Wednesday, September 3, 2014

Back to Hogwarts Week: Infiltrating the Ministry of Magic



Warning: Contains spoilers for Harry Potter and the Deathly Hallows

In Harry Potter and the Deathly Hallows Harry, Ron, and Hermione take polyjuice potion to turn into three seemingly random Ministry of Magic employees. I have no doubt that their choices were fairly random based on who entered the building by that specific door at a certain time, but I think Rowling had a lot better idea of what she was doing when she chose Mafalda Hopkirk for Hermione and Reg Cattermole for Ron to impersonate.


By impersonating Mafalda Hopkirk Hermione got a front row seat at the trials of muggle-born witches and wizards. She got to see what would have been her future if she had not already been a wanted criminal for helping out ‘Undesirable No. 1’. She remembers getting her Hogwarts letter and discovering she was a witch and buying her wand just like the muggle-borns on trial did. She can relate to the horror and fear that they are feeling because she feels it as well as she watches the dementors hover threateningly nearby. 


As Reg Cattermole Ron got to experience what it would be like to be married to a muggle-born in that dark new world. It’s safe to say that by this point in the series Ron has figured out that he has feelings for Hermione. His family have always been ‘blood traitors’, but his personal connection to Hermione makes the idea of the Muggle-Born Registration Commission even more disgusting to him, if that is possible. As Cattermole he had to run around the building trying to stop the rain in Yaxley’s office in the small hope that his “wife’s” sentence would be less. In this chapter Ron gets a glimpse of what his and Hermione’s life could have been under different circumstances if Voldemort was never defeated.

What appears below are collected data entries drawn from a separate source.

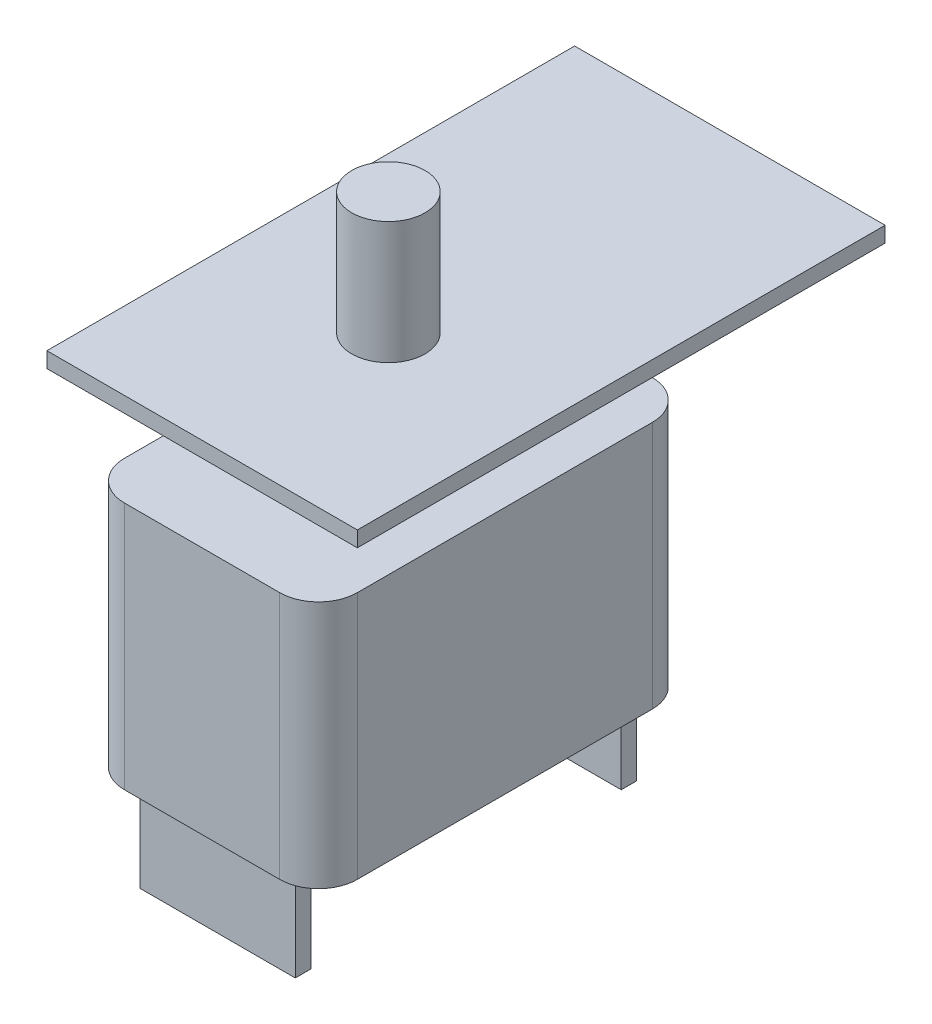
from build123d import *

# Parameters (mm, degrees)
SKETCH1_W           = 19.05
SKETCH1_H           = 30.48
BOSS_EXTRUDE1_DEPTH = 20.32
FILLET1_R           = 3.175
SKETCH2_R           = 6
BOSS_EXTRUDE2_DEPTH = 6.35
SKETCH3_W           = 12.7
SKETCH3_H           = 1.27
BOSS_EXTRUDE3_DEPTH = 7.62
SKETCH4_W           = 25.4
SKETCH4_H           = 43.18
BOSS_EXTRUDE4_DEPTH = 1.27
SKETCH5_R           = 3
BOSS_EXTRUDE5_DEPTH = 10


with BuildPart() as part:
    # Sketch1 → Boss-Extrude1 (new body)
    with BuildSketch(Plane(origin=(0, 0, 0), x_dir=(1, 0, 0), z_dir=(0, 1, 0))):
        Rectangle(SKETCH1_W, SKETCH1_H)
    extrude(amount=BOSS_EXTRUDE1_DEPTH)

    # Fillet1
    fillet1_edges = [part.edges().sort_by_distance(p)[0] for p in [
        (9.525, 10.16, 15.24),
        (-9.525, 10.16, 15.24),
        (-9.525, 10.16, -15.24),
        (9.525, 10.16, -15.24),
    ]]
    fillet(fillet1_edges, radius=FILLET1_R)

    # Sketch2 → Boss-Extrude2 (add)
    with BuildSketch(Plane(origin=(0, 20.32, 0), x_dir=(1, 0, 0), z_dir=(0, 1, 0))):
        Circle(SKETCH2_R)
    extrude(amount=BOSS_EXTRUDE2_DEPTH)

    # Sketch3 → Boss-Extrude3 (add)
    with BuildSketch(Plane.XZ):
        with Locations((0, 13.335)):
            Rectangle(SKETCH3_W, SKETCH3_H)
        with Locations((0, -13.335)):
            Rectangle(SKETCH3_W, SKETCH3_H)
    extrude(amount=BOSS_EXTRUDE3_DEPTH)

    # Sketch4 → Boss-Extrude4 (add)
    with BuildSketch(Plane(origin=(0, 26.67, 0), x_dir=(1, 0, 0), z_dir=(0, 1, 0))):
        with Locations((0, 6.35)):
            Rectangle(SKETCH4_W, SKETCH4_H)
    extrude(amount=BOSS_EXTRUDE4_DEPTH)

    # Sketch5 → Boss-Extrude5 (add)
    with BuildSketch(Plane(origin=(0, 27.94, 0), x_dir=(1, 0, 0), z_dir=(0, 1, 0))):
        Circle(SKETCH5_R)
    extrude(amount=BOSS_EXTRUDE5_DEPTH)


solid = part.part

 If Harry had gotten the identity of Mafalda Hopkirk or Reg Cattermole that chapter would have been very different. Yes, he was just as disgusted by what was going on in the Ministry of Magic. He had a personal connection to muggle-borns himself, but it would not have had the same effect on him as it did on Ron and Hermione. By taking over those identities they got a look at what their own future could have been.


            -Christina

1 comment:

  1. You make an interesting point! Those specific characters that Ron and Hermione 'became' really did double as a a sort of harsh awakening for both of them. I'd never thought of it hat way but it makes sense. It proved to them that hey really were fighting for the right thing because the alternative was terrifying.